- Population: 5,421 (2011 census)
- Principal area: Neath Port Talbot;
- Preserved county: West Glamorgan;
- Country: Wales
- Sovereign state: United Kingdom
- UK Parliament: Neath;
- Senedd Cymru – Welsh Parliament: Neath;
- Councillors: Linet Purcell (Plaid Cymru); Anthony John Richards (Plaid Cymru);

= Pontardawe (electoral ward) =

Pontardawe is an electoral ward of Neath Port Talbot county borough, Wales. It is a division of the Pontardawe community and falls within the parliamentary constituency of Neath.

The greater part of the geographical area of the ward is made up of mountainous grassland and open moorland with a scattering of farms. However, the majority of the population is concentrated in the town of Pontardawe in the south of the ward.

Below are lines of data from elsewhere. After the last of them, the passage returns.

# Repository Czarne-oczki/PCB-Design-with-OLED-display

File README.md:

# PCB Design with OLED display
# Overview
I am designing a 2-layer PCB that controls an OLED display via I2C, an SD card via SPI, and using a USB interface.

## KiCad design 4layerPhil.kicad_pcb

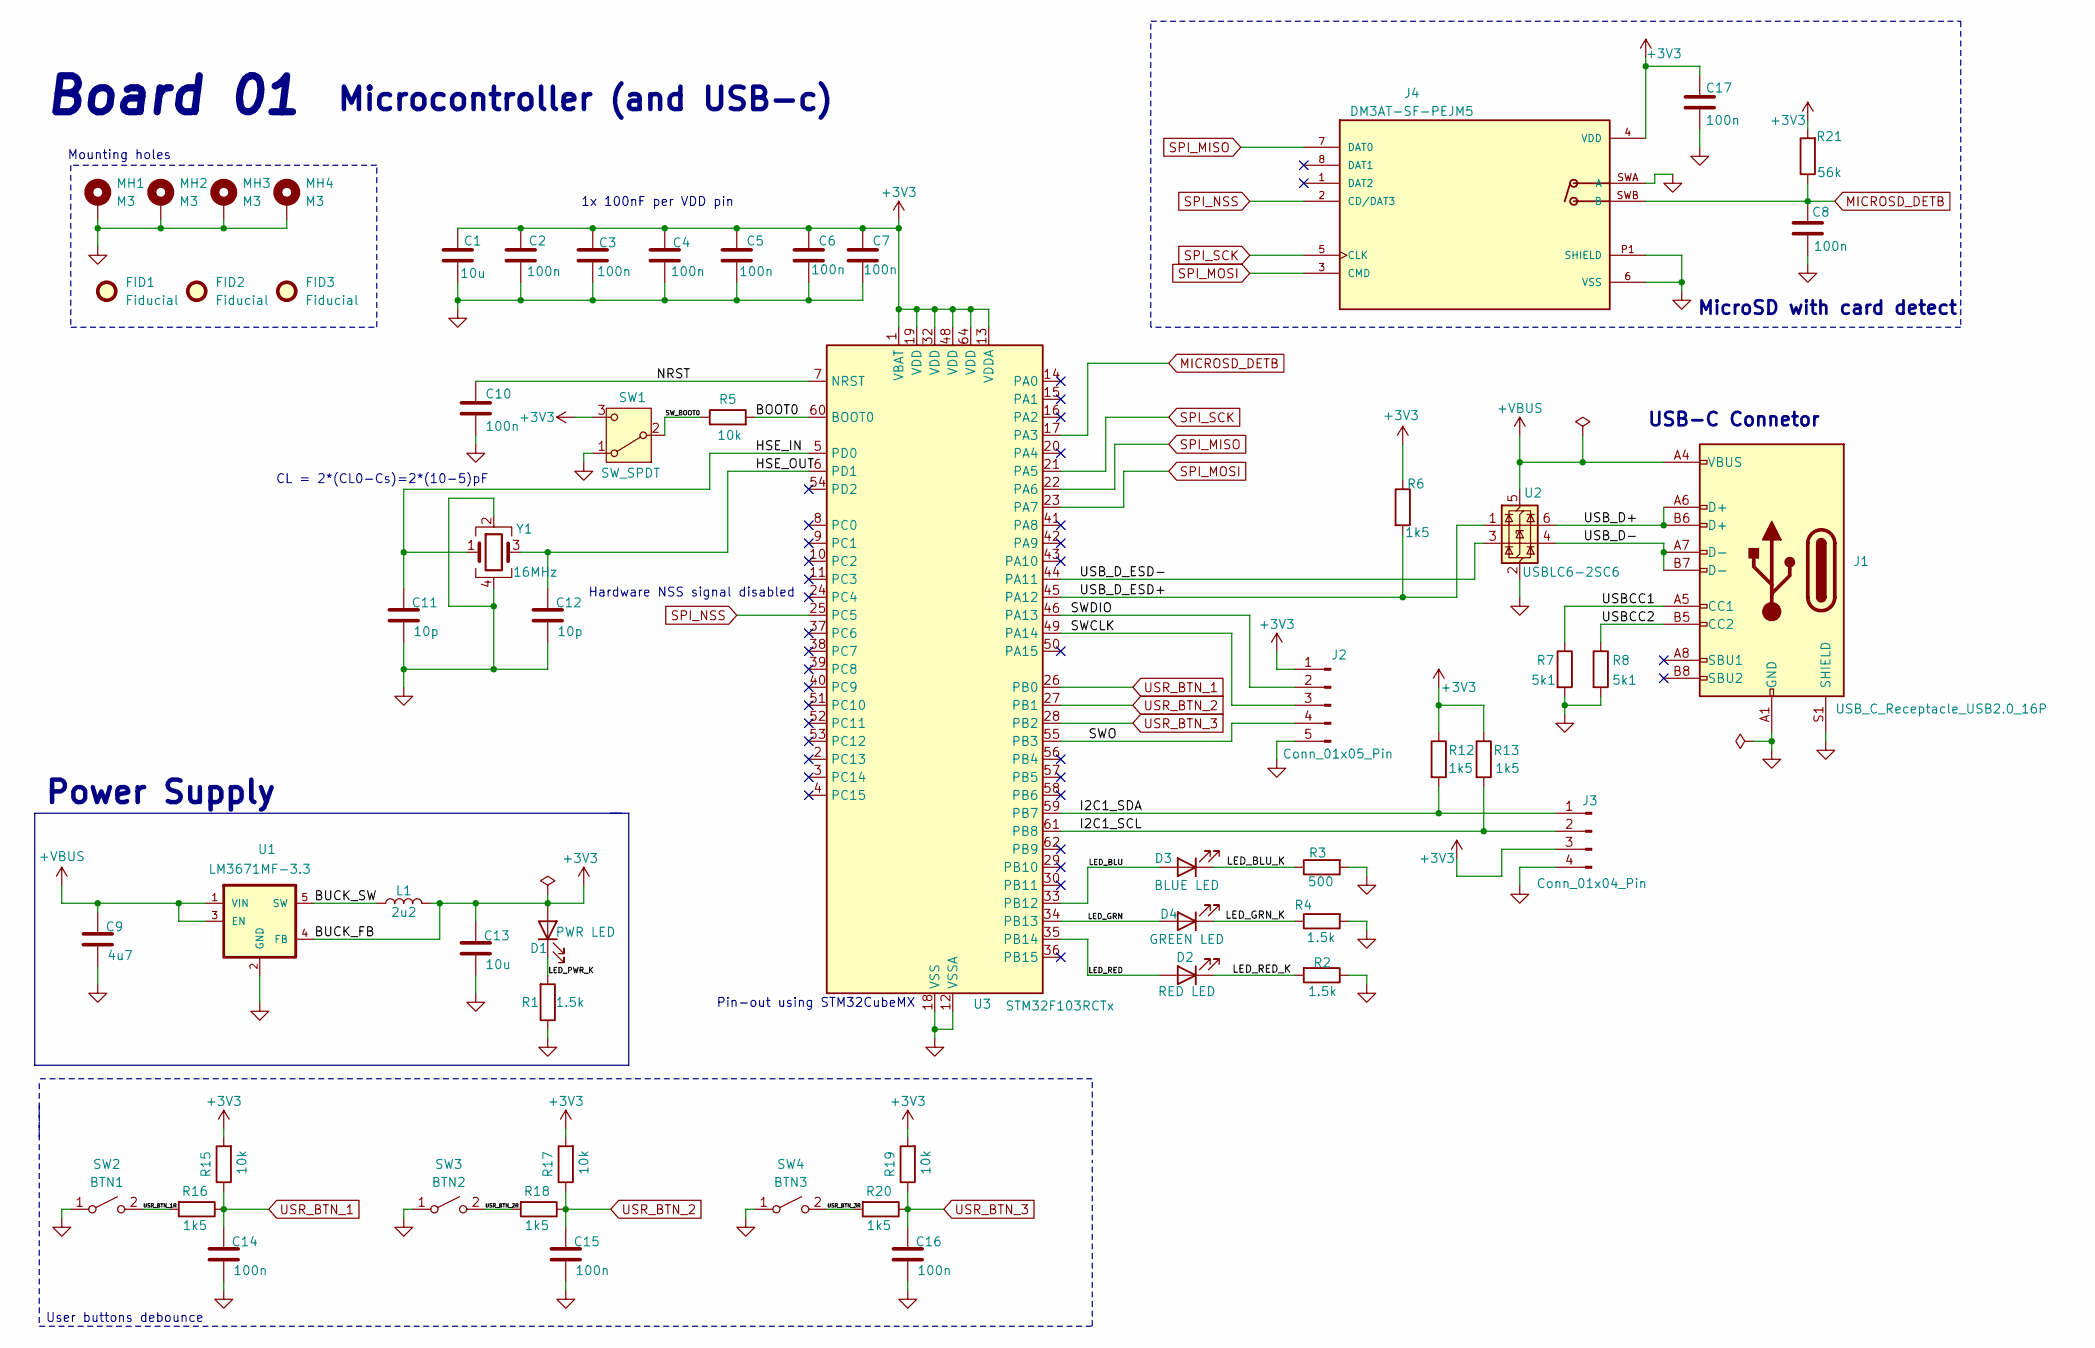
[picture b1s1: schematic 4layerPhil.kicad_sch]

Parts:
C1, C13: 10u; C_0805_2012Metric
C2, C3, C4, C5, C6, C7, C8, C10, C14, C15, C16, C17: 100n; C_0603_1608Metric
C9: 4u7; C_0805_2012Metric
C11, C12: 10p; C_0603_1608Metric
D1: PWR LED; LED_0603_1608Metric
D2: RED LED; LED_0603_1608Metric
D3: BLUE LED; LED_0603_1608Metric
D4: GREEN LED; LED_0603_1608Metric
FID1, FID2, FID3: Fiducial; Fiducial_1mm_Mask2mm
J1: USB_C_Receptacle_USB2.0_16P; USB_C_Receptacle_GCT_USB4105-xx-A_16P_TopMnt_Horizontal
J2: Conn_01x05_Pin; PinHeader_1x05_P2.54mm_Vertical
J3: Conn_01x04_Pin; PinHeader_1x04_P2.54mm_Vertical
J4: DM3AT-SF-PEJM5; HRS_DM3AT-SF-PEJM5; PARTREV 20200913
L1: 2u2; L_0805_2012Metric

In clockwise order the ward is bounded
- to the north by the wards of Glanamman (in Carmarthenshire), Gwaun-Cae-Gurwen, and Cwmllynfell
- to the east by the wards of Ystalyfera and Godre'r Graig
- to the southeast by the ward of Rhos
- to the south by the wards of Alltwen and Trebanos
- to the west by the wards of Clydach and Mawr (both in Swansea)

==Local council elections==
In the 2017 local council elections, the voter turnout was 44%. The results were:

| Candidate | Party | Votes | Status |
|---|---|---|---|
| Linet Purcell | Plaid Cymru | 992 | elected – Plaid Cymru hold |
| Anthony John Richards | Plaid Cymru | 635 | elected – Plaid Cymru gain |
| Vince Hotten | Labour | 622 |  |
| Mike James | Labour | 609 |  |
| Sascha Lopez | Conservative | 260 |  |
| Kieran Davies | Conservative | 233 |  |

==Key demographics==
- The Welsh language is widely used in the ward. Only 46.6% of residents aged over 3 have no knowledge of Welsh.
- There is a high standard of education in the ward. Only 41.6% of residents have no formal qualifications. 17.2% of residents have a higher qualification.
- 12.5% of the working population are senior managers and officials, 12.1% are in professional trades, and 13.3% are in associate professional and technical jobs.
- The top field of employment in Pontardawe is health and social care, with 16% of the population working in this sector.